- _What to produce_:
Restate word for word the lines of the material below, from the line with "blk = doc.blocks.new('*D2')" to the line with "blk.add_mtext('\\A1;73.91 mm', dxfattribs=at)", both lines included, and no others.

┌──

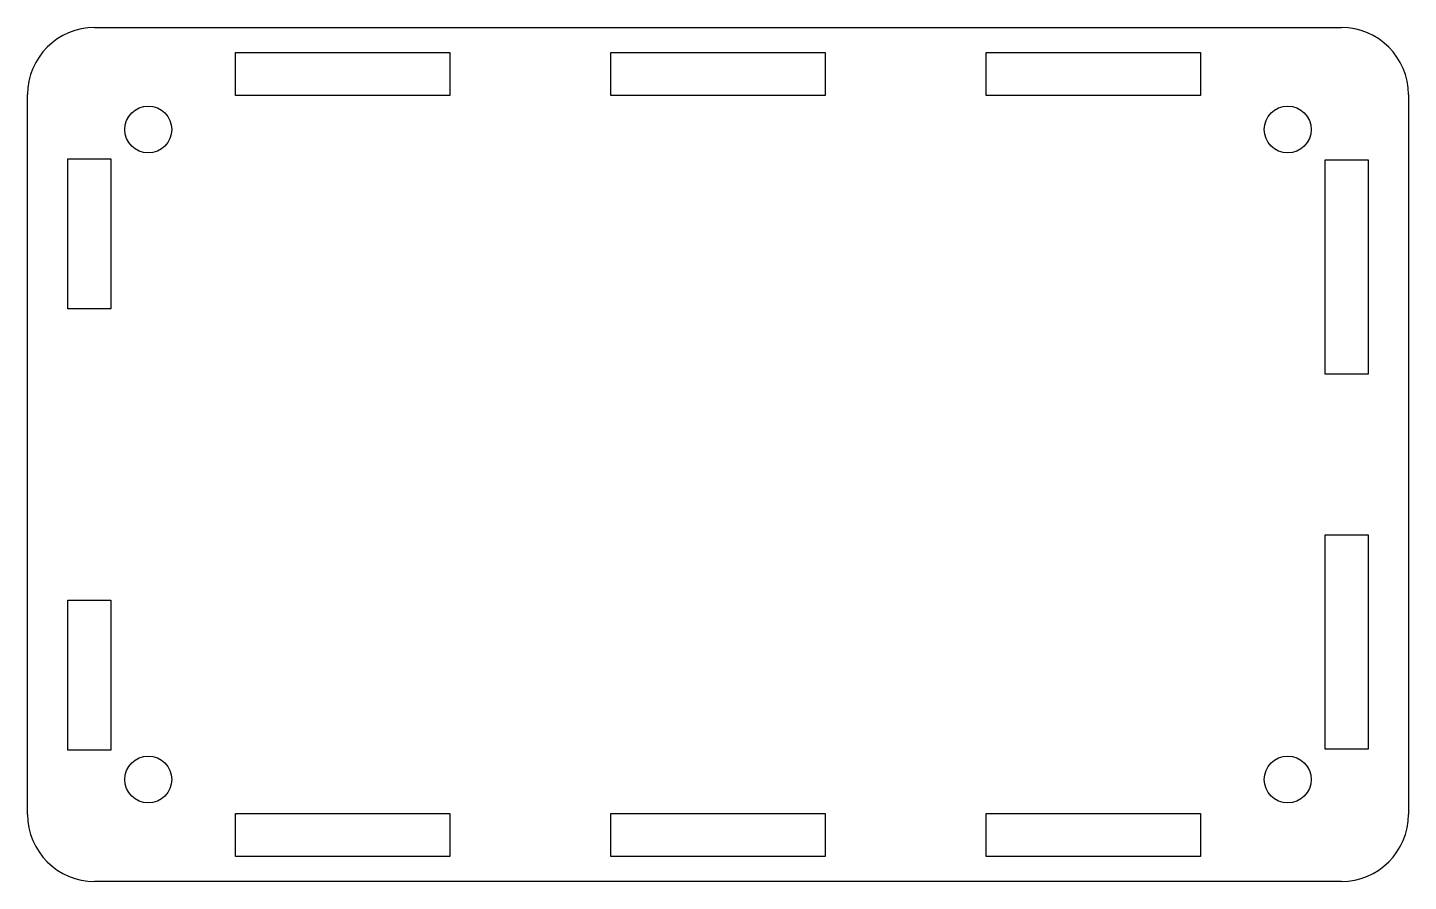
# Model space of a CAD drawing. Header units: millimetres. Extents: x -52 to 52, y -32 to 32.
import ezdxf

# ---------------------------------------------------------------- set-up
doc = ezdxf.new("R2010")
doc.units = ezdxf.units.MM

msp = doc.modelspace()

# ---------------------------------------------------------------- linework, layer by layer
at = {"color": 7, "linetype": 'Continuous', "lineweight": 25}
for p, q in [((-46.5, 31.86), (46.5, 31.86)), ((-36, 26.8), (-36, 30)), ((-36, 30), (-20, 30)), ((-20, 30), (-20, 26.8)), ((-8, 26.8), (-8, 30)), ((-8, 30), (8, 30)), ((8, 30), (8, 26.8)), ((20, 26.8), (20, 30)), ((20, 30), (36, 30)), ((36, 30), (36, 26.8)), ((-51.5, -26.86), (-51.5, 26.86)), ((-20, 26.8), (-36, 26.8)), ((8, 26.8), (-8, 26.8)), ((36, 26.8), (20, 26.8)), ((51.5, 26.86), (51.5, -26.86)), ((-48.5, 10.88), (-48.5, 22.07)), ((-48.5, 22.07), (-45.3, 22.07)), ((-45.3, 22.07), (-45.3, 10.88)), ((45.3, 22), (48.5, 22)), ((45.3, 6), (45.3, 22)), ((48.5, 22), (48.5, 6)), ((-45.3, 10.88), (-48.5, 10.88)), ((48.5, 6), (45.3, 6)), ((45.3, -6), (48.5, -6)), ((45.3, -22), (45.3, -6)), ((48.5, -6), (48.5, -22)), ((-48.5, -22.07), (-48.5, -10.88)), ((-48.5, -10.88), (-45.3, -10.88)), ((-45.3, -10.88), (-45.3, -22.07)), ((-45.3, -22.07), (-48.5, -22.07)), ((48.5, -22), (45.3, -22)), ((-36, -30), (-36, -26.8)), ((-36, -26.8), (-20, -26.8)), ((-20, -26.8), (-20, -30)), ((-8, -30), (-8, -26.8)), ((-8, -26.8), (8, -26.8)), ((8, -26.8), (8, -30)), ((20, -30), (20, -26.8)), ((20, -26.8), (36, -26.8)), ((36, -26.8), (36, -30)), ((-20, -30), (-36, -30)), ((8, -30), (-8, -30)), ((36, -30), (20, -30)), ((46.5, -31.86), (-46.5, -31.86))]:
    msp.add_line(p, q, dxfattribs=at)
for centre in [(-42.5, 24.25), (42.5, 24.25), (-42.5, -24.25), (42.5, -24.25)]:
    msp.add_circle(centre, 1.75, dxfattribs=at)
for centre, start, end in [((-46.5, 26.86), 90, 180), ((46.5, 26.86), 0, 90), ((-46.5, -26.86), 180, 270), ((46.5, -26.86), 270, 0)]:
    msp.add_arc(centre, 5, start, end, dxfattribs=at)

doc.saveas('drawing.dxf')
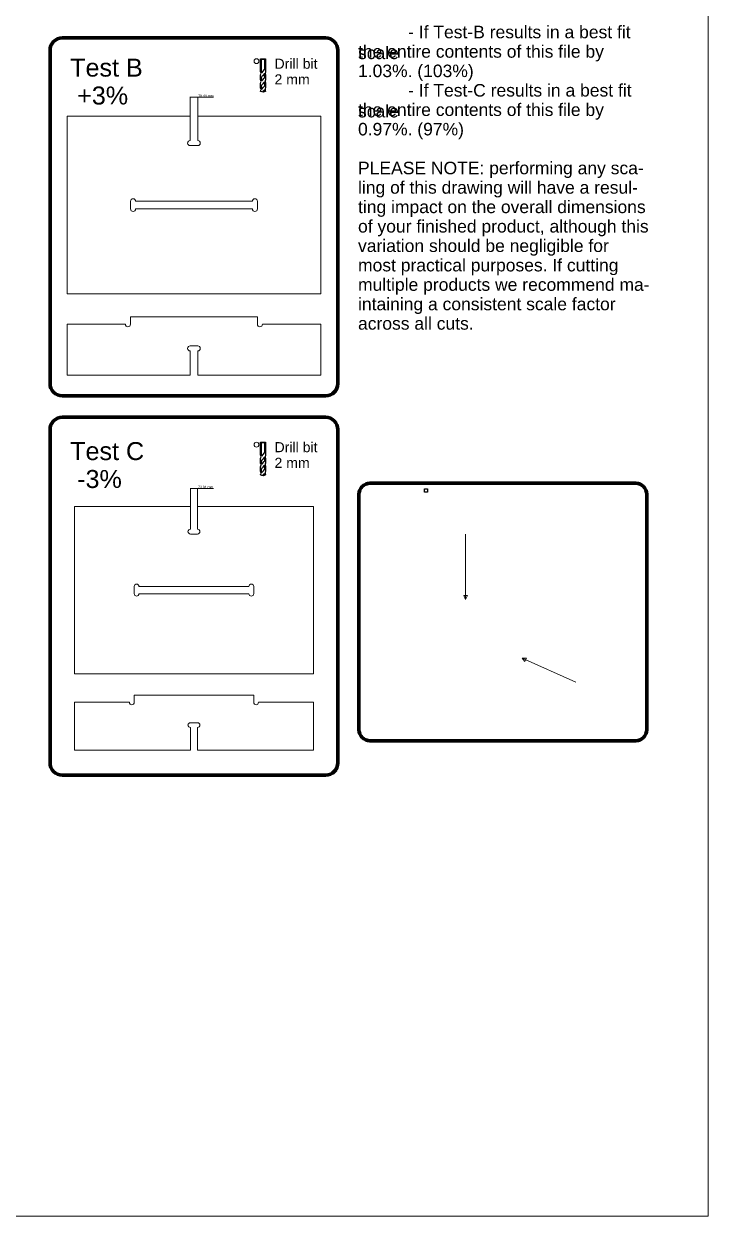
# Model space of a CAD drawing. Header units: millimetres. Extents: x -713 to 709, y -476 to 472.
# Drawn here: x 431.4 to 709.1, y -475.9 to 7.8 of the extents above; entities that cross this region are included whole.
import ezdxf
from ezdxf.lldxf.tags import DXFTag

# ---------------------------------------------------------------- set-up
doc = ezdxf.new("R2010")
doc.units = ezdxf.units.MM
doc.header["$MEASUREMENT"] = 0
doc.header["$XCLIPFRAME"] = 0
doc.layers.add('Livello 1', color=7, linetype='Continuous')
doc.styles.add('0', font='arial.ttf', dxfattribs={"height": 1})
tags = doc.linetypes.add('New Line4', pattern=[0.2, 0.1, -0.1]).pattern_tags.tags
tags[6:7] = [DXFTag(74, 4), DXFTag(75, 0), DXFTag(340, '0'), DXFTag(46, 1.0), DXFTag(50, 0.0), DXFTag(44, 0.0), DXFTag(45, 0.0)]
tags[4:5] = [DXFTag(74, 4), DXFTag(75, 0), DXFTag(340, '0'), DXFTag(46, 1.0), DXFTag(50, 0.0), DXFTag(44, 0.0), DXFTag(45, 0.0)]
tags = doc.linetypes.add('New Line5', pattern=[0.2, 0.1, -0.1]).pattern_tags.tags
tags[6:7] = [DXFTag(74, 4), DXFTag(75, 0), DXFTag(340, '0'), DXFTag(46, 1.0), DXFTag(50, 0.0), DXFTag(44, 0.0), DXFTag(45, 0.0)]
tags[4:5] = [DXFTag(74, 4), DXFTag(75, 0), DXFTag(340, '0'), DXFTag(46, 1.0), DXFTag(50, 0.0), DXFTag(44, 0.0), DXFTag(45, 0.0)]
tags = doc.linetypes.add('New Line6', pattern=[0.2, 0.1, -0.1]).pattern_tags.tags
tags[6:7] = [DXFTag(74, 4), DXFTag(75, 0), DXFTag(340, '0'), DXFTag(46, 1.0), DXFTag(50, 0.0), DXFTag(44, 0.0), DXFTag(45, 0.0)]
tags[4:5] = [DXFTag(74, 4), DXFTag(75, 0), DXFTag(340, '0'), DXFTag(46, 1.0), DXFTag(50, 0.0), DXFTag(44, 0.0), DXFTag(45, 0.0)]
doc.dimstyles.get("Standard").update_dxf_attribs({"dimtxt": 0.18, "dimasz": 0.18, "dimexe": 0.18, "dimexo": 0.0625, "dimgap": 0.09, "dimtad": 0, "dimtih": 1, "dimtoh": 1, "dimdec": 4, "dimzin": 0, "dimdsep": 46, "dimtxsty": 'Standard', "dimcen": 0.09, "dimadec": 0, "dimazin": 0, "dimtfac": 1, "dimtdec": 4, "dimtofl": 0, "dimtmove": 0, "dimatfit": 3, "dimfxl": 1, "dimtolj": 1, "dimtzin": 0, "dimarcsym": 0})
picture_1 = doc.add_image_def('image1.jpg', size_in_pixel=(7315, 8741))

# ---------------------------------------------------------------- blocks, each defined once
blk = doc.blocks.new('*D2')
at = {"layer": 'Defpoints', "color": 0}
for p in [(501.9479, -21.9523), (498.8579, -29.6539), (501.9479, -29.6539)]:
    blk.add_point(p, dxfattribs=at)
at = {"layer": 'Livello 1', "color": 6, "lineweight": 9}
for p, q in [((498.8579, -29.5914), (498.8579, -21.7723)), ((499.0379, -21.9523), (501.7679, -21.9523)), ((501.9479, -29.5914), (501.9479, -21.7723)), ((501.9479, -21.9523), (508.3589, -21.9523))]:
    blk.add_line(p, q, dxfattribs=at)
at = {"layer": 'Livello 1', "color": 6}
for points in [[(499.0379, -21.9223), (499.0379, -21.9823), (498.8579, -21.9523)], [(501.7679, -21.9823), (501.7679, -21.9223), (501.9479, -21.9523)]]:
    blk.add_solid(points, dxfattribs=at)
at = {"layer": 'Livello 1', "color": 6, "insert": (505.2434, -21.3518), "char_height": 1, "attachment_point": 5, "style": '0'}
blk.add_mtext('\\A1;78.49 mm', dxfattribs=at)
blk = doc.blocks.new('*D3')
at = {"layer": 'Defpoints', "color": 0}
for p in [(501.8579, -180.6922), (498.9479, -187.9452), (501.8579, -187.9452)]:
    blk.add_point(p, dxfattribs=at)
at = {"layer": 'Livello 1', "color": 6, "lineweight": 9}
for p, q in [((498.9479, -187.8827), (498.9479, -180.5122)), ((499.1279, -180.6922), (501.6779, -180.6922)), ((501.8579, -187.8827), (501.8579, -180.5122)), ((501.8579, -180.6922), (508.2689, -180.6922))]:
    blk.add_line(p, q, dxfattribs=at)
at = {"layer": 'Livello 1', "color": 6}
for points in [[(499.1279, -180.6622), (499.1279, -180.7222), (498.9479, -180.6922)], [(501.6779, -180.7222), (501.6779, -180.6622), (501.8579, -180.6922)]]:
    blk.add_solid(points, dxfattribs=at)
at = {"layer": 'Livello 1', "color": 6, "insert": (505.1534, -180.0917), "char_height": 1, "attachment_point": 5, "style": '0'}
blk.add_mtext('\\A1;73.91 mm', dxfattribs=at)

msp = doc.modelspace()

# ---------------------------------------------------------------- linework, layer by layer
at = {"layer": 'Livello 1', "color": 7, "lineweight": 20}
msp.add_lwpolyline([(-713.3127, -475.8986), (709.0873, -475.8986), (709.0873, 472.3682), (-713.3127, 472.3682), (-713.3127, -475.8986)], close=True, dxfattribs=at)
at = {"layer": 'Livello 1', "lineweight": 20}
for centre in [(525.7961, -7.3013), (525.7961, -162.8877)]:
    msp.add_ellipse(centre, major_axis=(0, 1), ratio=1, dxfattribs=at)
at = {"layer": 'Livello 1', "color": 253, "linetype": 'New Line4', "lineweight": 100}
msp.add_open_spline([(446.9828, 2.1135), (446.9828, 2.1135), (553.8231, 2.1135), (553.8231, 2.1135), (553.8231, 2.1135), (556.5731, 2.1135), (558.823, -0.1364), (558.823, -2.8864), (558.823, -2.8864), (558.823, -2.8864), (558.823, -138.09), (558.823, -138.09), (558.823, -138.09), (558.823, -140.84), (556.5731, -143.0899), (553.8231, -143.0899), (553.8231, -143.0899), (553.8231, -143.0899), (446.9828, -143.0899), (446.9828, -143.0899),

└──

- _Answer box_:
blk = doc.blocks.new('*D2')
at = {"layer": 'Defpoints', "color": 0}
for p in [(501.9479, -21.9523), (498.8579, -29.6539), (501.9479, -29.6539)]:
    blk.add_point(p, dxfattribs=at)
at = {"layer": 'Livello 1', "color": 6, "lineweight": 9}
for p, q in [((498.8579, -29.5914), (498.8579, -21.7723)), ((499.0379, -21.9523), (501.7679, -21.9523)), ((501.9479, -29.5914), (501.9479, -21.7723)), ((501.9479, -21.9523), (508.3589, -21.9523))]:
    blk.add_line(p, q, dxfattribs=at)
at = {"layer": 'Livello 1', "color": 6}
for points in [[(499.0379, -21.9223), (499.0379, -21.9823), (498.8579, -21.9523)], [(501.7679, -21.9823), (501.7679, -21.9223), (501.9479, -21.9523)]]:
    blk.add_solid(points, dxfattribs=at)
at = {"layer": 'Livello 1', "color": 6, "insert": (505.2434, -21.3518), "char_height": 1, "attachment_point": 5, "style": '0'}
blk.add_mtext('\\A1;78.49 mm', dxfattribs=at)
blk = doc.blocks.new('*D3')
at = {"layer": 'Defpoints', "color": 0}
for p in [(501.8579, -180.6922), (498.9479, -187.9452), (501.8579, -187.9452)]:
    blk.add_point(p, dxfattribs=at)
at = {"layer": 'Livello 1', "color": 6, "lineweight": 9}
for p, q in [((498.9479, -187.8827), (498.9479, -180.5122)), ((499.1279, -180.6922), (501.6779, -180.6922)), ((501.8579, -187.8827), (501.8579, -180.5122)), ((501.8579, -180.6922), (508.2689, -180.6922))]:
    blk.add_line(p, q, dxfattribs=at)
at = {"layer": 'Livello 1', "color": 6}
for points in [[(499.1279, -180.6622), (499.1279, -180.7222), (498.9479, -180.6922)], [(501.6779, -180.7222), (501.6779, -180.6622), (501.8579, -180.6922)]]:
    blk.add_solid(points, dxfattribs=at)
at = {"layer": 'Livello 1', "color": 6, "insert": (505.1534, -180.0917), "char_height": 1, "attachment_point": 5, "style": '0'}
blk.add_mtext('\\A1;73.91 mm', dxfattribs=at)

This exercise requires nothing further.